Score a test alignment against a reference using the Sum-of-Pairs (SP) score:

```python
score = kalign.compare("reference.msf", "test.fasta")
print(f"SP score: {score:.1f}")  # 0 (no match) to 100 (identical)
```

### `kalign.write_alignment()`

Write aligned sequences to a file:

```python
kalign.write_alignment(aligned, "output.fasta", format="fasta", ids=ids)
```

Supported formats: `fasta`, `clustal`, `stockholm`, `phylip` (non-FASTA formats require Biopython).

## Threading

```python
import kalign

kalign.set_num_threads(4)        # set global default
n = kalign.get_num_threads()     # query current default

# or override per call
aligned = kalign.align(sequences, n_threads=8)
```

Thread settings are thread-local, so different threads can use different defaults.

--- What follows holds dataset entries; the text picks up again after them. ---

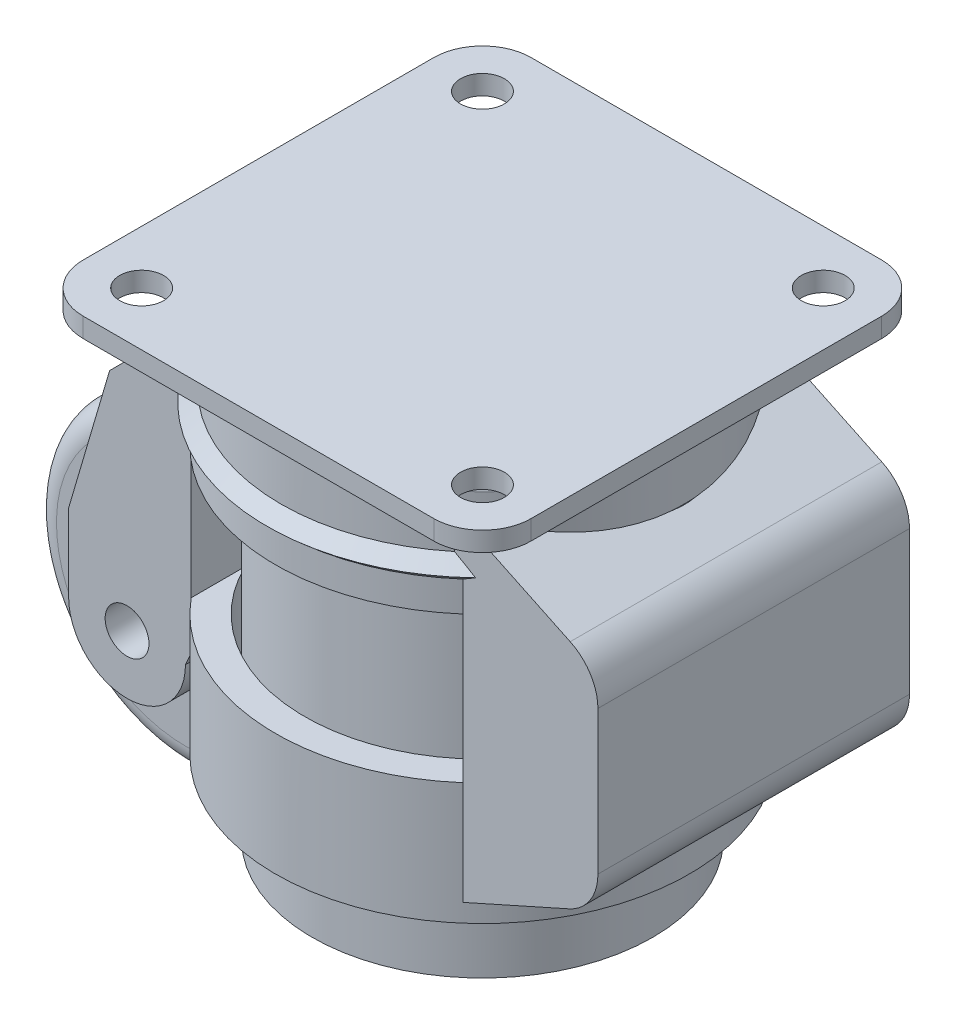
SolidWorks part; units mm, degrees
ref_plane "前视基准面" through (0, 0, 0) normal (0, 0, 1) x (1, 0, 0)
ref_plane "上视基准面" through (0, 0, 0) normal (0, 1, 0) x (1, 0, 0)
ref_plane "右视基准面" through (0, 0, 0) normal (1, 0, 0) x (0, 0, -1)
sketch "草图1" plane through (0, 0, 0) normal (0, 0, 1) x (1, 0, 0)
  line L2 (46, 0) -> (46, 4)
  line L3 (-46, 4) -> (-46, 0)
  line L4 (-46, 0) -> (46, 0)
  line L5 (-46, 4) -> (46, 4)
extrude "凸台-拉伸1" add sketch "草图1" along normal blind 46 and the other way blind 46
sketch "草图2" plane through (0, 4, 0) normal (0, 1, 0) x (1, 0, 0)
  circle A0 centre (35, 35) radius 4.5
  circle A1 centre (-35, 35) radius 4.5
  circle A2 centre (-35, -35) radius 4.5
  circle A3 centre (35, -35) radius 4.5
  dimension "D1" = 35
  dimension "D2" = 35
  dimension "D3" = 2
  dimension "D4" = 2
extrude "切除-拉伸1" cut sketch "草图2" against normal through all
fillet "圆角1" radius 10 4 edges at (46, 2, -46) (-46, 2, -46) (46, 2, 46) (-46, 2, 46)
sketch "草图3" plane through (0, 0, 0) normal (0, 0, 1) x (1, 0, 0)
  line L0 (0, 0) -> (30, 0)
  line L1 (-36, 0) -> (36, 0) construction
  line L2 (30, 0) -> (30, -2)
  line L3 (30, -2) -> (40.3924, -2)
  line L4 (41.3924, -3) -> (41.3924, -13.7394)
  line L6 (42.5, -17.7944) -> (42.5, -79)
  line L7 (41.3924, -13.7394) -> (44.2632, -16.2515)
  line L8 (42.5, -79) -> (0, -79)
  line L9 (0, -79) -> (0, 0)
  line L10 (36, 4) -> (-36, 4) construction
  line L11 (42.5, -17.7944) -> (44.2632, -16.2515)
  arc A0 (41.3924, -3) -> (40.3924, -2) centre (40.3924, -3) ccw
  dimension "D4" = 1
  dimension "D1" = 30
  dimension "D2" = 2
  dimension "D3" = 83
  dimension "D5" = 42.5
revolve "旋转1" add sketch "草图3" angle 360 about L9
sketch "草图4" plane through (0, 0, 0) normal (0, 0, 1) x (1, 0, 0)
  line L0 (-41.3924, -13.7394) -> (-49.5804, -21.9716)
  line L1 (-49.5804, -21.9716) -> (-58, -50.6155)
  line L3 (-41.3924, -13.7394) -> (-44.2632, -16.2515) construction
  line L5 (-27.053, -50.6155) -> (-9.2251, -27.0175)
  line L6 (-9.2251, -27.0175) -> (-28.47, -9.3947)
  line L7 (-28.47, -9.3947) -> (-41.3924, -13.7394)
  line L9 (36, 4) -> (-36, 4) construction
  line L10 (-58, -66.5) -> (-58, -50.6155)
  line L11 (-34, -66.5) -> (-27.053, -50.6155)
  arc A0 (-58, -66.5) -> (-34, -66.5) centre (-46, -66.5) ccw
  dimension "D1" = 70.5
  dimension "D2" = 46
extrude "凸台-拉伸2" add sketch "草图4" along normal blind 27 and the other way blind 27
sketch "草图5" plane through (0, -79, 0) normal (0, -1, 0) x (1, 0, 0)
  circle A0 centre (0, 0) radius 36.5
extrude "切除-拉伸2" cut sketch "草图5" against normal blind 68.6 and the other way blind 32
sketch "草图8" plane through (0, 0, 0) normal (0, 0, 1) x (1, 0, 0)
  line L0 (36, 4) -> (-36, 4) construction
  line L1 (-67.3863, -34) -> (0, -34)
  line L2 (-67.3863, -34) -> (-67.3863, -109.3295)
  line L3 (-67.3863, -109.3295) -> (0, -109.3295)
  line L4 (0, -34) -> (0, -109.3295)
  dimension "D1" = 38
extrude "切除-拉伸3" cut sketch "草图8" against normal blind 15 and the other way blind 15
sketch "草图9" plane through (0, 0, 27) normal (0, 0, 1) x (1, 0, 0)
  circle A0 centre (-46, -66.5) radius 4.5
extrude "切除-拉伸4" cut sketch "草图9" against normal through all
sketch "草图11" plane through (0, 0, 0) normal (0, 0, 1) x (1, 0, 0)
  circle A0 centre (-46, -66.5) radius 31.5
extrude "凸台-拉伸3" add sketch "草图11" along normal blind 15 and the other way blind 15
fillet "圆角2" radius 5 2 edges at (-48.6619, -97.8873, 15) (-48.6619, -97.8873, -15)
sketch "草图13" plane through (0, -79, 0) normal (0, -1, 0) x (1, 0, 0)
  line L0 (-12, 17.5) -> (-30.3109, 17.5)
  line L1 (-12, 17.5) -> (-12, -17.5)
  line L2 (-12, -17.5) -> (-30.3109, -17.5)
  arc A0 (-30.3109, -17.5) -> (-30.3109, 17.5) centre (0, 0) ccw
  dimension "D1" = 17.5
  dimension "D3" = 70
  dimension "D2" = 17.5
  dimension "D4" = 12
sketch "草图14" plane through (0, 0, 0) normal (0, 0, 1) x (1, 0, 0)
  line L0 (22.6517, -4.8219) -> (55.7189, -20.614)
  line L1 (55.7189, -20.614) -> (55.7189, -62.8829)
  line L2 (55.7189, -62.8829) -> (18.46, -79.5439)
  line L3 (18.46, -79.5439) -> (22.6517, -4.8219)
extrude "凸台-拉伸6" add sketch "草图14" along normal blind 32 and the other way blind 32
sketch "草图16" plane through (0, -79, 0) normal (0, -1, 0) x (1, 0, 0)
  line L1 (-22.8896, 28.4309) -> (0.9181, 28.4309)
  line L4 (0.9181, 28.4309) -> (0.9181, -36.4885)
  arc A0 (0.9181, -36.4885) -> (-22.8896, 28.4309) centre (0, 0) ccw
extrude "切除-拉伸6" cut sketch "草图16" against normal up to surface (68.6 mm away) up to face at (-7.0806, -10.4, 0)
sketch "草图17" plane through (0, 0, 32) normal (0, 0, 1) x (1, 0, 0)
  line L0 (-30.3109, -79) -> (35, -79) construction
  line L1 (-2.2409, -79) -> (43.1883, -79)
  line L2 (-2.2409, -79) -> (-2.2409, -96.4908)
  line L3 (-2.2409, -96.4908) -> (43.1883, -96.4908)
  line L4 (43.1883, -79) -> (43.1883, -96.4908)
extrude "切除-拉伸7" cut sketch "草图17" against normal through all
extrude "凸台-拉伸7" add sketch "草图13" along normal blind 15 and the other way blind 64 separate body
fillet "圆角3" radius 10 2 edges at (55.7189, -20.614, 0) (55.7189, -62.8829, 0)
ref_plane "基准面2" through (0, -54, 0) normal (0, -1, 0) x (-1, 0, 0)
sketch "草图18" plane through (0, -54, 0) normal (0, -1, 0) x (-1, 0, 0)
  line L0 (-27.9687, -45.7389) -> (-27.9687, -21.9176)
  line L1 (32.8215, -42.3916) -> (32.8215, -13.6154)
  line L2 (-27.9687, 21.9176) -> (-27.9687, 45.7389)
  line L3 (32.8215, 13.6154) -> (32.8215, 42.3916)
  line L4 (0, 0) -> (-35.1716, 0) construction
  arc A0 (32.8215, 42.3916) -> (-27.9687, 45.7389) centre (0, 0) ccw
  arc A1 (32.8215, 13.6154) -> (-27.9687, 21.9176) centre (0, 0) ccw
  arc A2 (-27.9687, -21.9176) -> (32.8215, -13.6154) centre (0, 0) ccw
  arc A3 (32.8215, -42.3916) -> (-27.9687, -45.7389) centre (0, 0) cw
extrude "切除-拉伸8" cut sketch "草图18" against normal blind 30
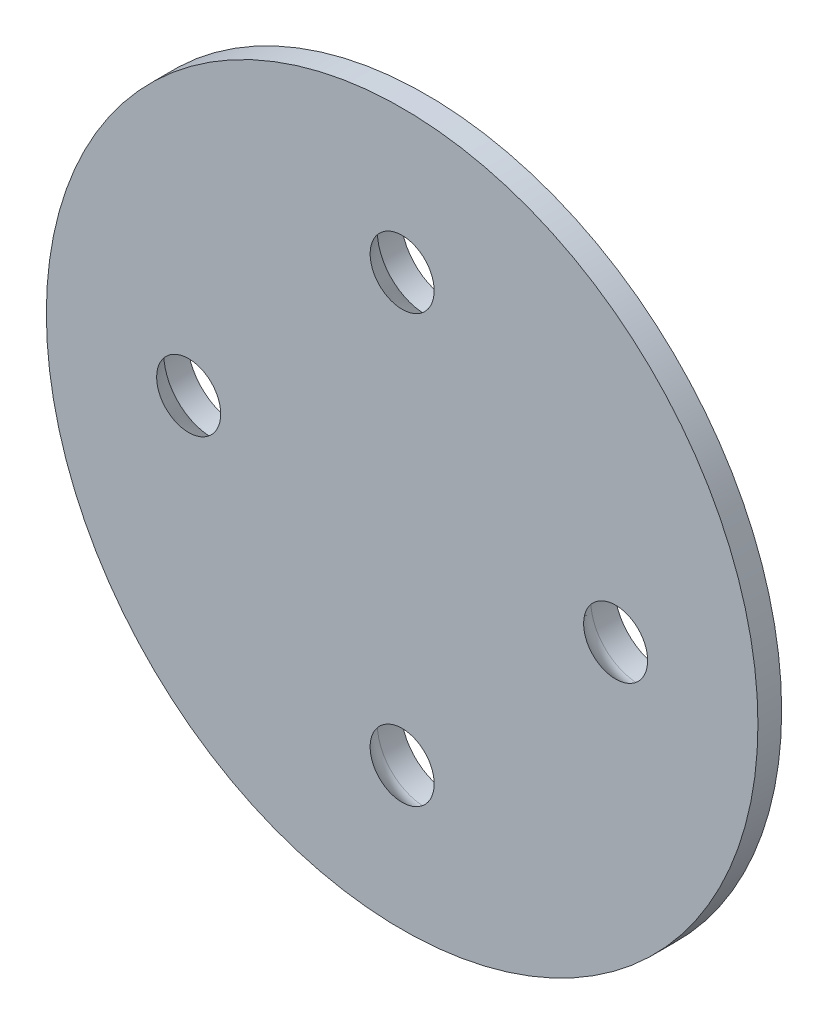
SolidWorks part; units mm, degrees
material "ABS"
ref_plane "正面" through (0, 0, 0) normal (0, 0, 1) x (1, 0, 0)
ref_plane "平面" through (0, 0, 0) normal (0, 1, 0) x (1, 0, 0)
ref_plane "右側面" through (0, 0, 0) normal (1, 0, 0) x (0, 0, -1)
sketch "ｽｹｯﾁ1" plane through (0, 0, 0) normal (0, 0, 1) x (1, 0, 0)
  circle A0 centre (0, 0) radius 15
  dimension "D1" = 30
extrude "ﾎﾞｽ - 押し出し1" add sketch "ｽｹｯﾁ1" along normal blind 1
sketch "ｽｹｯﾁ2" plane through (0, 0, 0) normal (0, 0, -1) x (-1, 0, 0)
  circle A0 centre (0, 0) radius 13
  dimension "D1" = 26
extrude "ﾎﾞｽ - 押し出し2" add sketch "ｽｹｯﾁ2" along normal blind 1
sketch "ｽｹｯﾁ3" plane through (0, 0, -1) normal (0, 0, -1) x (-1, 0, 0)
  circle A0 centre (9, 0) radius 2.05
  circle A1 centre (0, -9) radius 2.05
  circle A2 centre (-9, 0) radius 2.05
  circle A3 centre (0, 9) radius 2.05
  point P2 (-6.95, 0)
  point P4 (-9.6307, -17.1827)
  point P5 (0, -6.95)
  point P12 (0, 0)
  point P13 (6.95, 0)
  point P14 (0, 6.95)
  dimension "D1" = 4.1
  dimension "D2" = 9
  dimension "D3" = 4
extrude "ｶｯﾄ - 押し出し1" cut sketch "ｽｹｯﾁ3" against normal blind 1
sketch "ｽｹｯﾁ4" plane through (0, 0, 1) normal (0, 0, 1) x (1, 0, 0)
  circle A0 centre (-9, 0) radius 1.35
  circle A1 centre (0, 9) radius 1.35
  circle A2 centre (9, 0) radius 1.35
  circle A3 centre (0, -9) radius 1.35
  point P2 (7.65, 0)
  point P4 (16.8354, 18.714)
  point P5 (0, 7.65)
  point P12 (0, 0)
  point P13 (-7.65, 0)
  point P14 (0, -7.65)
  dimension "D1" = 2.7
  dimension "D2" = 9
  dimension "D3" = 4
loft "ｶｯﾄ - ﾛﾌﾄ2" cut section edge at (6.95, 0, 0) section "ｽｹｯﾁ4" start constraint normal to profile start tangent length 1 connector at (6.9624, -0.2248, 0) connector at (7.65, 0.0079, 1)
sketch "ｽｹｯﾁ5" plane through (0, 0, 1) normal (0, 0, 1) x (1, 0, 0)
  line L0 (0, 0) -> (9, 0) construction
loft "ｶｯﾄ - ﾛﾌﾄ3" cut section edge at (-2.05, -9, 0) section "ｽｹｯﾁ4<5>" start constraint normal to profile start tangent length 1 connector at (-0.0223, -6.9501, 0) connector at (-0.0219, -7.6502, 1)
sketch "ｽｹｯﾁ4<5>" plane through (0, 0, 1) normal (0, 0, 1) x (1, 0, 0) same geometry as "ｽｹｯﾁ4"
loft "ｶｯﾄ - ﾛﾌﾄ5" cut section edge at (-11.05, 0, 0) section "ｽｹｯﾁ4<6>" connector at (-6.95, -0.0077, 0) connector at (-7.6501, -0.0142, 1)
sketch "ｽｹｯﾁ4<6>" plane through (0, 0, 1) normal (0, 0, 1) x (1, 0, 0) same geometry as "ｽｹｯﾁ4"
loft "ｶｯﾄ - ﾛﾌﾄ6" cut section edge at (-2.05, 9, 0) section "ｽｹｯﾁ4<7>" connector at (-0.0237, 6.9501, 0) connector at (-0.0238, 7.6502, 1)
sketch "ｽｹｯﾁ4<7>" plane through (0, 0, 1) normal (0, 0, 1) x (1, 0, 0) same geometry as "ｽｹｯﾁ4"
sketch "ｽｹｯﾁ6" plane through (0, 0, -1) normal (0, 0, -1) x (-1, 0, 0)
  circle A0 centre (0, 0) radius 2
  dimension "D1" = 4
extrude "ﾎﾞｽ - 押し出し3" add sketch "ｽｹｯﾁ6" along normal blind 1.5

## Utilities (`kalign.utils`)

Requires only NumPy (installed automatically):

```python
import kalign

aligned = kalign.align(sequences)

arr = kalign.utils.to_array(aligned)                          # numpy array
stats = kalign.utils.alignment_stats(aligned)                 # dict with gap_fraction, conservation, identity
consensus = kalign.utils.consensus_sequence(aligned, threshold=0.7)
matrix = kalign.utils.pairwise_identity_matrix(aligned)       # numpy array
trimmed = kalign.utils.remove_gap_columns(aligned)
region = kalign.utils.trim_alignment(aligned, start=2, end=10)
```

## Biopython Integration

Requires `pip install kalign[biopython]`.

```python
import kalign

# Return a Biopython MultipleSeqAlignment
aln = kalign.align(sequences, fmt="biopython", ids=["s1", "s2", "s3"])
print(aln.get_alignment_length())

# Write in various formats via Biopython
from Bio import AlignIO
AlignIO.write(aln, "output.clustal", "clustal")
```

### I/O helpers (`kalign.io`)

```python
sequences = kalign.io.read_fasta("input.fasta")
sequences, ids = kalign.io.read_sequences("input.fasta")

aligned = kalign.align(sequences)
kalign.io.write_fasta(aligned, "output.fasta", ids=ids)
kalign.io.write_clustal(aligned, "output.aln", ids=ids)
kalign.io.write_stockholm(aligned, "output.sto", ids=ids)
kalign.io.write_phylip(aligned, "output.phy", ids=ids)
```

## scikit-bio Integration

Requires `pip install kalign[skbio]`.

```python
import kalign

# Returns a TabularMSA of DNA, RNA, or Protein depending on seq_type
aln = kalign.align(sequences, seq_type="dna", fmt="skbio")
print(type(aln))  # <class 'skbio.alignment._tabular_msa.TabularMSA'>
```

## Sequence Types

| String | Constant | Description |
|--------|----------|-------------|
| `"auto"` | `kalign.AUTO` | Auto-detect (default) |
| `"dna"` | `kalign.DNA` | DNA sequences |
| `"rna"` | `kalign.RNA` | RNA sequences |
| `"protein"` | `kalign.PROTEIN` | Protein sequences |
| `"divergent"` | `kalign.PROTEIN_DIVERGENT` | Divergent protein sequences |
| `"internal"` | `kalign.DNA_INTERNAL` | DNA with internal gap preference |

## Command-line Interface

```bash
kalign-py -i sequences.fasta -o aligned.fasta --format fasta --type protein
kalign-py -i sequences.fasta -o - --format clustal   # stdout
cat input.fa | kalign-py -i - -o aligned.fasta        # stdin
kalign-py --version
```

## Development

```bash
git clone https://github.com/TimoLassmann/kalign.git
cd kalign
uv pip install -e .
uv run pytest tests/python/ -v
```

Requirements: Python 3.9+, CMake 3.18+, C++11 compiler, NumPy.

## Citation

If you use Kalign in your research, please cite:

> Lassmann, T. (2020). Kalign 3: multiple sequence alignment of large data sets.
> *Bioinformatics*, 36(6), 1928-1929.
> [doi:10.1093/bioinformatics/btz795](https://doi.org/10.1093/bioinformatics/btz795)

## License

GNU General Public License v3.0 or later. See [COPYING](COPYING).